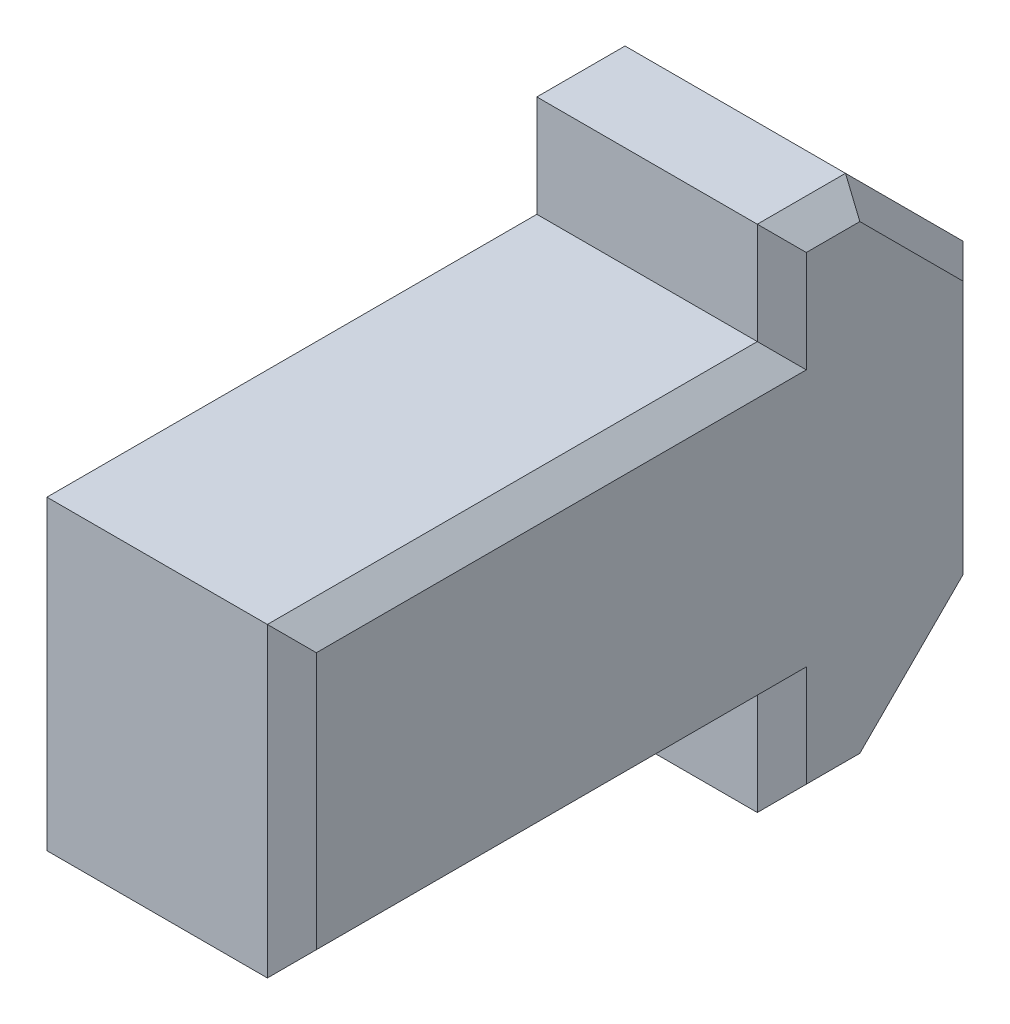
ISO-10303-21;
HEADER;
FILE_DESCRIPTION(('STEP AP214'),'2;1');
FILE_NAME('part.step','',(''),(''),'','','');
FILE_SCHEMA(('AUTOMOTIVE_DESIGN { 1 0 10303 214 1 1 1 1 }'));
ENDSEC;
DATA;
#1=APPLICATION_CONTEXT('core data for automotive mechanical design processes');
#2=APPLICATION_PROTOCOL_DEFINITION('international standard','automotive_design',2000,#1);
#3=PRODUCT_CONTEXT('',#1,'mechanical');
#4=PRODUCT('Part','Part','',(#3));
#5=PRODUCT_RELATED_PRODUCT_CATEGORY('part','',(#4));
#6=PRODUCT_DEFINITION_FORMATION('','',#4);
#7=PRODUCT_DEFINITION_CONTEXT('part definition',#1,'design');
#8=PRODUCT_DEFINITION('design','',#6,#7);
#9=PRODUCT_DEFINITION_SHAPE('','',#8);
#10=(LENGTH_UNIT() NAMED_UNIT(*) SI_UNIT(.MILLI.,.METRE.));
#11=(NAMED_UNIT(*) PLANE_ANGLE_UNIT() SI_UNIT($,.RADIAN.));
#12=(NAMED_UNIT(*) SI_UNIT($,.STERADIAN.) SOLID_ANGLE_UNIT());
#13=UNCERTAINTY_MEASURE_WITH_UNIT(LENGTH_MEASURE(1.E-05),#10,'distance_accuracy_value','');
#14=(GEOMETRIC_REPRESENTATION_CONTEXT(3) GLOBAL_UNCERTAINTY_ASSIGNED_CONTEXT((#13)) GLOBAL_UNIT_ASSIGNED_CONTEXT((#10,
#11,#12)) REPRESENTATION_CONTEXT('',''));
#15=CARTESIAN_POINT('',(0.,0.,0.));
#16=DIRECTION('',(0.,0.,1.));
#17=DIRECTION('',(1.,0.,0.));
#18=AXIS2_PLACEMENT_3D('',#15,#16,#17);
#19=CARTESIAN_POINT('',(5.,3.125,4.2));
#20=DIRECTION('',(0.,0.,-1.));
#21=DIRECTION('',(-1.,0.,0.));
#22=AXIS2_PLACEMENT_3D('',#19,#20,#21);
#23=PLANE('',#22);
#24=DIRECTION('',(-1.,0.,0.));
#25=VECTOR('',#24,1.);
#26=CARTESIAN_POINT('',(5.,3.125,4.2));
#27=LINE('',#26,#25);
#28=CARTESIAN_POINT('',(4.5,3.125,4.2));
#29=VERTEX_POINT('',#28);
#30=CARTESIAN_POINT('',(0.,3.125,4.2));
#31=VERTEX_POINT('',#30);
#32=EDGE_CURVE('E149',#29,#31,#27,.T.);
#33=ORIENTED_EDGE('',*,*,#32,.F.);
#34=DIRECTION('',(0.,1.,0.));
#35=VECTOR('',#34,1.);
#36=CARTESIAN_POINT('',(4.5,3.125,4.2));
#37=LINE('',#36,#35);
#38=CARTESIAN_POINT('',(4.5,5.2,4.2));
#39=VERTEX_POINT('',#38);
#40=EDGE_CURVE('E11',#29,#39,#37,.T.);
#41=ORIENTED_EDGE('',*,*,#40,.T.);
#42=DIRECTION('',(-1.,0.,0.));
#43=VECTOR('',#42,1.);
#44=CARTESIAN_POINT('',(5.,5.2,4.2));
#45=LINE('',#44,#43);
#46=CARTESIAN_POINT('',(0.,5.2,4.2));
#47=VERTEX_POINT('',#46);
#48=EDGE_CURVE('E172',#39,#47,#45,.T.);
#49=ORIENTED_EDGE('',*,*,#48,.T.);
#50=DIRECTION('',(0.,-1.,0.));
#51=VECTOR('',#50,1.);
#52=CARTESIAN_POINT('',(0.,3.125,4.2));
#53=LINE('',#52,#51);
#54=EDGE_CURVE('E165',#47,#31,#53,.T.);
#55=ORIENTED_EDGE('',*,*,#54,.T.);
#56=EDGE_LOOP('',(#33,#41,#49,#55));
#57=FACE_BOUND('',#56,.T.);
#58=ADVANCED_FACE('F41',(#57),#23,.F.);
#59=CARTESIAN_POINT('',(5.,3.125,4.2));
#60=DIRECTION('',(0.,-1.,0.));
#61=DIRECTION('',(0.,0.,-1.));
#62=AXIS2_PLACEMENT_3D('',#59,#60,#61);
#63=PLANE('',#62);
#64=DIRECTION('',(-1.,0.,0.));
#65=VECTOR('',#64,1.);
#66=CARTESIAN_POINT('',(5.,3.125,14.2));
#67=LINE('',#66,#65);
#68=CARTESIAN_POINT('',(4.5,3.125,14.2));
#69=VERTEX_POINT('',#68);
#70=CARTESIAN_POINT('',(0.,3.125,14.2));
#71=VERTEX_POINT('',#70);
#72=EDGE_CURVE('E159',#69,#71,#67,.T.);
#73=ORIENTED_EDGE('',*,*,#72,.F.);
#74=DIRECTION('',(0.,0.,-1.));
#75=VECTOR('',#74,1.);
#76=CARTESIAN_POINT('',(4.5,3.125,4.2));
#77=LINE('',#76,#75);
#78=EDGE_CURVE('E52',#69,#29,#77,.T.);
#79=ORIENTED_EDGE('',*,*,#78,.T.);
#80=ORIENTED_EDGE('',*,*,#32,.T.);
#81=DIRECTION('',(0.,0.,1.));
#82=VECTOR('',#81,1.);
#83=CARTESIAN_POINT('',(0.,3.125,4.2));
#84=LINE('',#83,#82);
#85=EDGE_CURVE('E152',#31,#71,#84,.T.);
#86=ORIENTED_EDGE('',*,*,#85,.T.);
#87=EDGE_LOOP('',(#73,#79,#80,#86));
#88=FACE_BOUND('',#87,.T.);
#89=ADVANCED_FACE('F151',(#88),#63,.F.);
#90=CARTESIAN_POINT('',(5.,3.125,14.2));
#91=DIRECTION('',(0.,0.,-1.));
#92=DIRECTION('',(-1.,0.,0.));
#93=AXIS2_PLACEMENT_3D('',#90,#91,#92);
#94=PLANE('',#93);
#95=DIRECTION('',(-1.,0.,0.));
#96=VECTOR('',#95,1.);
________________
TASK STATEMENT - Once the pictures are removed, output the entries above exactly as given.

EXERCISE RESPONSE -
ISO-10303-21;
HEADER;
FILE_DESCRIPTION(('STEP AP214'),'2;1');
FILE_NAME('part.step','',(''),(''),'','','');
FILE_SCHEMA(('AUTOMOTIVE_DESIGN { 1 0 10303 214 1 1 1 1 }'));
ENDSEC;
DATA;
#1=APPLICATION_CONTEXT('core data for automotive mechanical design processes');
#2=APPLICATION_PROTOCOL_DEFINITION('international standard','automotive_design',2000,#1);
#3=PRODUCT_CONTEXT('',#1,'mechanical');
#4=PRODUCT('Part','Part','',(#3));
#5=PRODUCT_RELATED_PRODUCT_CATEGORY('part','',(#4));
#6=PRODUCT_DEFINITION_FORMATION('','',#4);
#7=PRODUCT_DEFINITION_CONTEXT('part definition',#1,'design');
#8=PRODUCT_DEFINITION('design','',#6,#7);
#9=PRODUCT_DEFINITION_SHAPE('','',#8);
#10=(LENGTH_UNIT() NAMED_UNIT(*) SI_UNIT(.MILLI.,.METRE.));
#11=(NAMED_UNIT(*) PLANE_ANGLE_UNIT() SI_UNIT($,.RADIAN.));
#12=(NAMED_UNIT(*) SI_UNIT($,.STERADIAN.) SOLID_ANGLE_UNIT());
#13=UNCERTAINTY_MEASURE_WITH_UNIT(LENGTH_MEASURE(1.E-05),#10,'distance_accuracy_value','');
#14=(GEOMETRIC_REPRESENTATION_CONTEXT(3) GLOBAL_UNCERTAINTY_ASSIGNED_CONTEXT((#13)) GLOBAL_UNIT_ASSIGNED_CONTEXT((#10,
#11,#12)) REPRESENTATION_CONTEXT('',''));
#15=CARTESIAN_POINT('',(0.,0.,0.));
#16=DIRECTION('',(0.,0.,1.));
#17=DIRECTION('',(1.,0.,0.));
#18=AXIS2_PLACEMENT_3D('',#15,#16,#17);
#19=CARTESIAN_POINT('',(5.,3.125,4.2));
#20=DIRECTION('',(0.,0.,-1.));
#21=DIRECTION('',(-1.,0.,0.));
#22=AXIS2_PLACEMENT_3D('',#19,#20,#21);
#23=PLANE('',#22);
#24=DIRECTION('',(-1.,0.,0.));
#25=VECTOR('',#24,1.);
#26=CARTESIAN_POINT('',(5.,3.125,4.2));
#27=LINE('',#26,#25);
#28=CARTESIAN_POINT('',(4.5,3.125,4.2));
#29=VERTEX_POINT('',#28);
#30=CARTESIAN_POINT('',(0.,3.125,4.2));
#31=VERTEX_POINT('',#30);
#32=EDGE_CURVE('E149',#29,#31,#27,.T.);
#33=ORIENTED_EDGE('',*,*,#32,.F.);
#34=DIRECTION('',(0.,1.,0.));
#35=VECTOR('',#34,1.);
#36=CARTESIAN_POINT('',(4.5,3.125,4.2));
#37=LINE('',#36,#35);
#38=CARTESIAN_POINT('',(4.5,5.2,4.2));
#39=VERTEX_POINT('',#38);
#40=EDGE_CURVE('E11',#29,#39,#37,.T.);
#41=ORIENTED_EDGE('',*,*,#40,.T.);
#42=DIRECTION('',(-1.,0.,0.));
#43=VECTOR('',#42,1.);
#44=CARTESIAN_POINT('',(5.,5.2,4.2));
#45=LINE('',#44,#43);
#46=CARTESIAN_POINT('',(0.,5.2,4.2));
#47=VERTEX_POINT('',#46);
#48=EDGE_CURVE('E172',#39,#47,#45,.T.);
#49=ORIENTED_EDGE('',*,*,#48,.T.);
#50=DIRECTION('',(0.,-1.,0.));
#51=VECTOR('',#50,1.);
#52=CARTESIAN_POINT('',(0.,3.125,4.2));
#53=LINE('',#52,#51);
#54=EDGE_CURVE('E165',#47,#31,#53,.T.);
#55=ORIENTED_EDGE('',*,*,#54,.T.);
#56=EDGE_LOOP('',(#33,#41,#49,#55));
#57=FACE_BOUND('',#56,.T.);
#58=ADVANCED_FACE('F41',(#57),#23,.F.);
#59=CARTESIAN_POINT('',(5.,3.125,4.2));
#60=DIRECTION('',(0.,-1.,0.));
#61=DIRECTION('',(0.,0.,-1.));
#62=AXIS2_PLACEMENT_3D('',#59,#60,#61);
#63=PLANE('',#62);
#64=DIRECTION('',(-1.,0.,0.));
#65=VECTOR('',#64,1.);
#66=CARTESIAN_POINT('',(5.,3.125,14.2));
#67=LINE('',#66,#65);
#68=CARTESIAN_POINT('',(4.5,3.125,14.2));
#69=VERTEX_POINT('',#68);
#70=CARTESIAN_POINT('',(0.,3.125,14.2));
#71=VERTEX_POINT('',#70);
#72=EDGE_CURVE('E159',#69,#71,#67,.T.);
#73=ORIENTED_EDGE('',*,*,#72,.F.);
#74=DIRECTION('',(0.,0.,-1.));
#75=VECTOR('',#74,1.);
#76=CARTESIAN_POINT('',(4.5,3.125,4.2));
#77=LINE('',#76,#75);
#78=EDGE_CURVE('E52',#69,#29,#77,.T.);
#79=ORIENTED_EDGE('',*,*,#78,.T.);
#80=ORIENTED_EDGE('',*,*,#32,.T.);
#81=DIRECTION('',(0.,0.,1.));
#82=VECTOR('',#81,1.);
#83=CARTESIAN_POINT('',(0.,3.125,4.2));
#84=LINE('',#83,#82);
#85=EDGE_CURVE('E152',#31,#71,#84,.T.);
#86=ORIENTED_EDGE('',*,*,#85,.T.);
#87=EDGE_LOOP('',(#73,#79,#80,#86));
#88=FACE_BOUND('',#87,.T.);
#89=ADVANCED_FACE('F151',(#88),#63,.F.);
#90=CARTESIAN_POINT('',(5.,3.125,14.2));
#91=DIRECTION('',(0.,0.,-1.));
#92=DIRECTION('',(-1.,0.,0.));
#93=AXIS2_PLACEMENT_3D('',#90,#91,#92);
#94=PLANE('',#93);
#95=DIRECTION('',(-1.,0.,0.));
#96=VECTOR('',#95,1.);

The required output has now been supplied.